Among the records below, find each line containing the word "Outport" and copy it.

[Source records]
Content starts
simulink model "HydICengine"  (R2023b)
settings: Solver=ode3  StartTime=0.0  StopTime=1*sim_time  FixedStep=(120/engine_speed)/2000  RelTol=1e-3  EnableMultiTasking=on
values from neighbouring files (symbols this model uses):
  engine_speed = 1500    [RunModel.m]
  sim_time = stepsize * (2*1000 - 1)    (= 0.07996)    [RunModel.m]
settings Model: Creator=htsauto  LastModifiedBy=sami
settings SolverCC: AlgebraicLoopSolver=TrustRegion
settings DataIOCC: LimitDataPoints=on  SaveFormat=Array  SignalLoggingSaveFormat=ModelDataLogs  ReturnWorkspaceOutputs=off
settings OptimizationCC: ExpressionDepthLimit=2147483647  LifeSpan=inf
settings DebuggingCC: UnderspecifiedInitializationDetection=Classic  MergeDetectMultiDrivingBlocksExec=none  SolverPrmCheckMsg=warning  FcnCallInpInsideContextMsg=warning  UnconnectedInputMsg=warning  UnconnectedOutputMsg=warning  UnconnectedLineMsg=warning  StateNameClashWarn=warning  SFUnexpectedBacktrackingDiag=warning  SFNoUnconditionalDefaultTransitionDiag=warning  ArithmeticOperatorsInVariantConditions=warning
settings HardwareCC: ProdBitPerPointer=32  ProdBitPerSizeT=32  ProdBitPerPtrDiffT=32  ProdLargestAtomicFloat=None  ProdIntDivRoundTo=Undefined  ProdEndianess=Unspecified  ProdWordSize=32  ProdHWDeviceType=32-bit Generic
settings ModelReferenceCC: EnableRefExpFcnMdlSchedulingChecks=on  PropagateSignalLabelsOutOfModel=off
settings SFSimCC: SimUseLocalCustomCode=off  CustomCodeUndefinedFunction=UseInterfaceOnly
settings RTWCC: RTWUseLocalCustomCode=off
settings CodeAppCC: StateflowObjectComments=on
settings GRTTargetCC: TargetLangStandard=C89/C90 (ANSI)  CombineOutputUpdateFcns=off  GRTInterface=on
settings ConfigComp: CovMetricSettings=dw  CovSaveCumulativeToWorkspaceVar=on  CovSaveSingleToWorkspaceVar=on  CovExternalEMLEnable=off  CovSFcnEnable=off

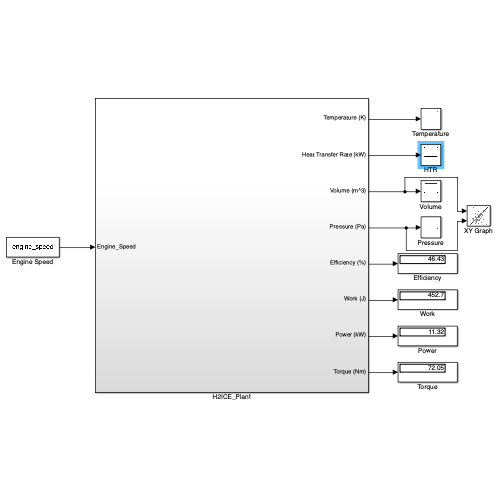
[thumbnail: Simulink's stored preview of the top-level diagram]
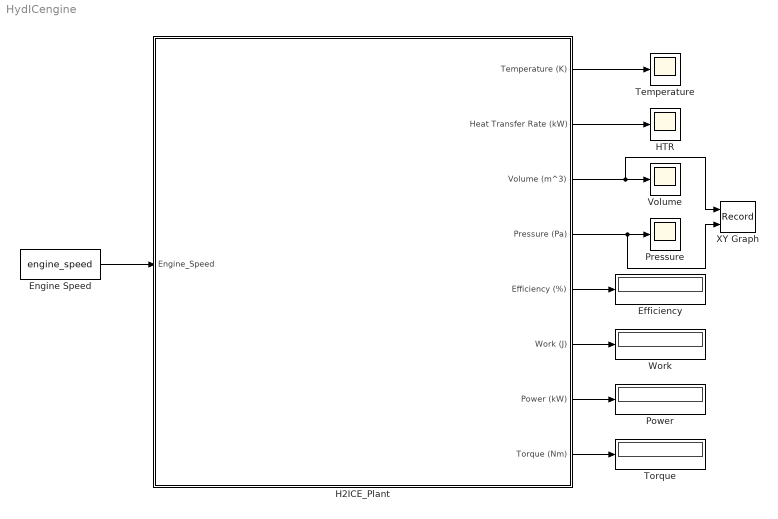
== system HydICengine ==
  Efficiency : Display
  Engine Speed : Constant  Value=engine_speed
  H2ICE_Plant : Subsystem
  HTR : Scope
  Power : Display
  Pressure : Scope
  Temperature : Scope
  Torque : Display
  Volume : Scope
  Work : Display
  XY Graph : Record  FileSettingsInternal="{\"entries\":[{\"content\":{\"excelSettings\":{\"content\":{},\"type\":\"Streamout.ExcelSettings\"}},\"type\":\"Streamout.FileSettingStorage\",\"uuid\":\"\"}],\"packageUris\":[\"http:\\/\\/schema.mathworks.com\\/mf0\\/streamout_blocks\\/R2020a\"],\"version\":\"1.0\"}"  Layout=[1 1]  SignalsInternal="{\"entries\":[{\"content\":{\"signals\":[{\"content\":{\"blockPath\":[],\"dimensions\":[1],\"domain\":\"\",\"lineColor\":\"#fe330a\",\"plots\":[ 1 ],\"port\":1,\"sid\":[\"\"],\"signalID\":1,\"signalName\":\"H2ICE_Plant:3\"},\"type\":\"RecordBlkView.Signal\",\"uuid\":\"\"},{\"content\":{\"blockPath\":[],\"dimensions\":[1],\"domain\":\"\",\"lineColor\":\"#fe330a\",\"plots\":[ 1 ],\"port\":2,\"sid\":[\"\"],\"signalID\":2,\"signalName\":\"H2ICE_Plant:4\"},\"type\":\"RecordBlkView.Signal\",\"uuid\":\"\"}]},\"type\":\"RecordBlkView.InputSignals\",\"uuid\":\"\"}],\"packageUris\":[\"http:\\/\\/schema.mathworks.com\\/mf0\\/streamout_blocks\\/R2020a\"],\"version\":\"1.0\"}"  VisualizationBindings="{\"xyplotplugin\":{\"info\":[{\"series\":[{\"bindingParametersList\":[{\"parameter\":\"X-Axis\",\"signalID\":1,\"signalName\":\"H2ICE_Plant:3\"},{\"parameter\":\"Y-Axis\",\"signalID\":2,\"signalName\":\"H2ICE_Plant:4\"}],\"seriesID\":0}],\"subplotID\":1}]}}"  CompatibilityTag=XY
  wires:
  H2ICE_Plant/8(Torque (Nm)) -> Torque/1
  H2ICE_Plant/7(Power (kW)) -> Power/1
  H2ICE_Plant/6(Work (J)) -> Work/1
  H2ICE_Plant/5(Efficiency (%)) -> Efficiency/1
  H2ICE_Plant/3(Volume (m^3)) -> Volume/1, XY Graph/1
  H2ICE_Plant/4(Pressure (Pa)) -> Pressure/1, XY Graph/2
  H2ICE_Plant/1(Temperature (K)) -> Temperature/1
  Engine Speed/1 -> H2ICE_Plant/1(Engine_Speed)
  H2ICE_Plant/2(Heat Transfer Rate (kW)) -> HTR/1

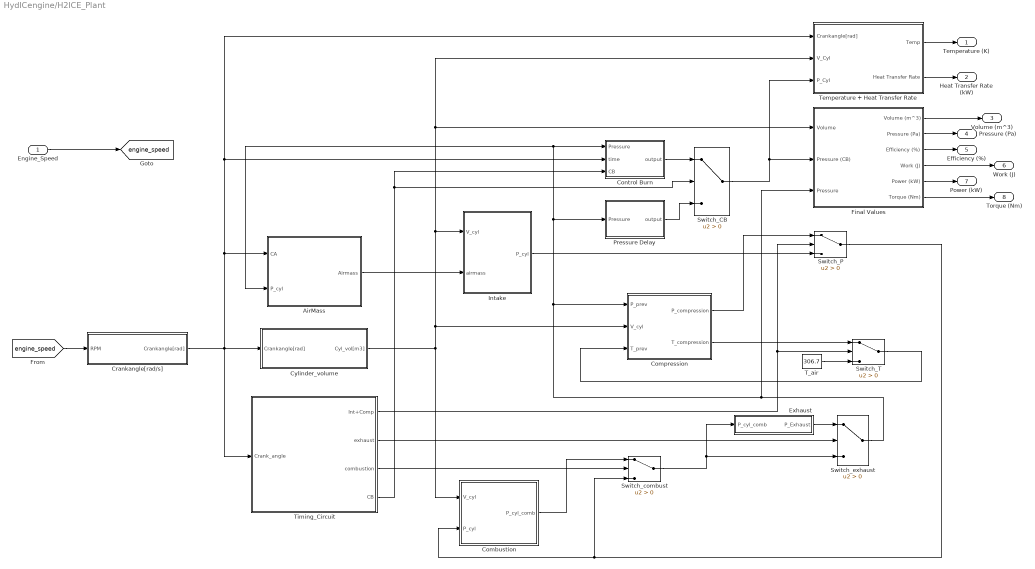
== system HydICengine/H2ICE_Plant ==
  Engine_Speed : Inport
  AirMass : Subsystem
  Combustion : Subsystem
  Compression : Subsystem
  Control Burn : Subsystem
  Crankangle[rad/s] : Subsystem
  Cylinder_volume : Subsystem
  Exhaust : Subsystem
  Final Values : Subsystem
  Intake : Subsystem
  Pressure Delay : Subsystem
  Switch_CB : Switch  Criteria=u2 > Threshold  SaturateOnIntegerOverflow=off  InputSameDT=off
  Switch_P : Switch  Criteria=u2 > Threshold  SaturateOnIntegerOverflow=off  InputSameDT=off
  Switch_T : Switch  Criteria=u2 > Threshold  SaturateOnIntegerOverflow=off  InputSameDT=off
  Switch_combust : Switch  Criteria=u2 > Threshold  SaturateOnIntegerOverflow=off  InputSameDT=off
  Switch_exhaust : Switch  Criteria=u2 > Threshold  SaturateOnIntegerOverflow=off  InputSameDT=off
  T_air : Constant  Value=306.7
  Temperature + Heat Transfer Rate : Subsystem
  Timing_Circuit : Subsystem
  Temperature (K) : Outport
  Heat Transfer Rate (kW) : Outport  Port=2
  Volume (m^3) : Outport  Port=3
  Pressure (Pa) : Outport  Port=4
  Efficiency (%) : Outport  Port=5
  Work (J) : Outport  Port=6
  Power (kW) : Outport  Port=7
  Torque (Nm) : Outport  Port=8
  tag scope: engine_speed=global
  wires:
  [engine_speed] -> Crankangle[rad/s]/1(RPM)
  Switch_exhaust/1 -> Final Values/3(Pressure), AirMass/2(P_cyl), Control Burn/1(Pressure), Pressure Delay/1(Pressure), Compression/1(P_prev)
  Combustion/1(P_cyl_comb) -> Switch_combust/1
  Switch_T/1 -> Compression/3(T_prev)
  Switch_combust/1 -> Exhaust/1(P_cyl_comb), Switch_exhaust/3
  Compression/2(T_compression) -> Switch_T/1
  AirMass/1(Airmass) -> Intake/2(airmass)
  Cylinder_volume/1(Cyl_vol[m3]) -> Compression/2(V_cyl), Temperature + Heat Transfer Rate/2(V_Cyl), Final Values/1(Volume), Intake/1(V_cyl), Combustion/1(V_cyl)
  Exhaust/1(P_Exhaust) -> Switch_exhaust/1
  Compression/1(P_compression) -> Switch_P/1
  Crankangle[rad/s]/1(Crankangle[rad]) -> Timing_Circuit/1(Crank_angle), Temperature + Heat Transfer Rate/1(Crankangle[rad]), Control Burn/2(time), AirMass/1(CA), Cylinder_volume/1(Crankangle[rad])
  T_air/1 -> Switch_T/3
  Intake/1(P_cyl) -> Switch_P/3
  Timing_Circuit/3(combustion) -> Switch_combust/2
  Switch_P/1 -> Combustion/2(P_cyl), Switch_combust/3
  Timing_Circuit/2(exhaust) -> Switch_exhaust/2
  Timing_Circuit/1(Int+Comp) -> Switch_P/2, Switch_T/2
  Temperature + Heat Transfer Rate/2(Heat Transfer Rate) -> Heat Transfer Rate (kW)/1
  Temperature + Heat Transfer Rate/1(Temp) -> Temperature (K)/1
  Final Values/2(Pressure (Pa)) -> Pressure (Pa)/1
  Final Values/1(Volume (m^3)) -> Volume (m^3)/1
  Engine_Speed/1 -> [engine_speed]
  Final Values/3(Efficiency (%)) -> Efficiency (%)/1
  Final Values/4(Work (J)) -> Work (J)/1
  Final Values/5(Power (kW)) -> Power (kW)/1
  Final Values/6(Torque (Nm)) -> Torque (Nm)/1
  Switch_CB/1 -> Temperature + Heat Transfer Rate/3(P_Cyl), Final Values/2(Pressure (CB))
  Timing_Circuit/4(CB) -> Control Burn/3(CB), Switch_CB/2
  Control Burn/1(output) -> Switch_CB/1
  Pressure Delay/1(output) -> Switch_CB/3

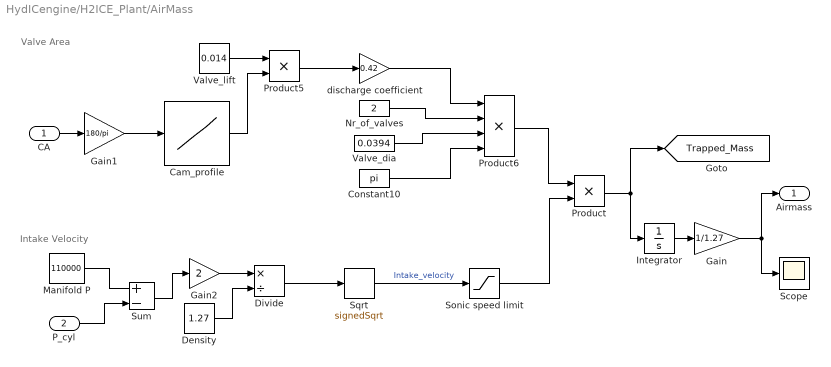
== system HydICengine/H2ICE_Plant/AirMass ==
  note: Intake Velocity
  note: Valve Area
  CA : Inport
  P_cyl : Inport  Port=2
  Cam_profile : Lookup_n-D  NumberOfTableDimensions=1  BreakpointsForDimension1=[0,10,20,30,40,50,60,70,80,90,100,110,120,130,140,150,160,170,180,190,200,210]  Table=[0,0.05,0.1,0.2,0.3,0.5,0.65,0.8,0.9,0.95,1,1,1,1,0.9,0.8,0.65,0.5,0.3,0.2,0.1,0]  ExtrapMethod=Clip  UseLastTableValue=on  RndMeth=Simplest
  Constant10 : Constant  Value=pi
  Density : Constant  Value=1.27
  Divide : Product  Inputs=*/
  Gain : Gain  Gain=1/1.27
  Gain1 : Gain  Gain=180/pi
  Gain2 : Gain  Gain=2
  Integrator : Integrator
  Manifold P : Constant  Value=110000
  Nr_of_valves : Constant  Value=2
  Product : Product
  Product5 : Product  RndMeth=Zero
  Product6 : Product  Inputs=4  RndMeth=Zero
  Scope : Scope
  Sonic speed limit : Saturate  UpperLimit=343.439  LowerLimit=-343.439
  Sqrt : Sqrt  Operator=signedSqrt
  Sum : Sum  Inputs=+-
  Valve_dia : Constant  Value=0.0394
  Valve_lift : Constant  Value=0.014
  discharge coefficient : Gain  Gain=0.42
  Airmass : Outport
  tag scope: Trapped_Mass=global
  wires:
  Gain/1 -> Scope/1, Airmass/1
  Product/1 -> [Trapped_Mass], Integrator/1
  Constant10/1 -> Product6/4
  Valve_dia/1 -> Product6/3
  Nr_of_valves/1 -> Product6/2
  discharge coefficient/1 -> Product6/1
  Sonic speed limit/1 -> Product/2
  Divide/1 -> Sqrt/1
Content ends
■ **RESULT OF THE TASK**:
  Temperature (K) : Outport
  Heat Transfer Rate (kW) : Outport  Port=2
  Volume (m^3) : Outport  Port=3
  Pressure (Pa) : Outport  Port=4
  Efficiency (%) : Outport  Port=5
  Work (J) : Outport  Port=6
  Power (kW) : Outport  Port=7
  Torque (Nm) : Outport  Port=8
  Airmass : Outport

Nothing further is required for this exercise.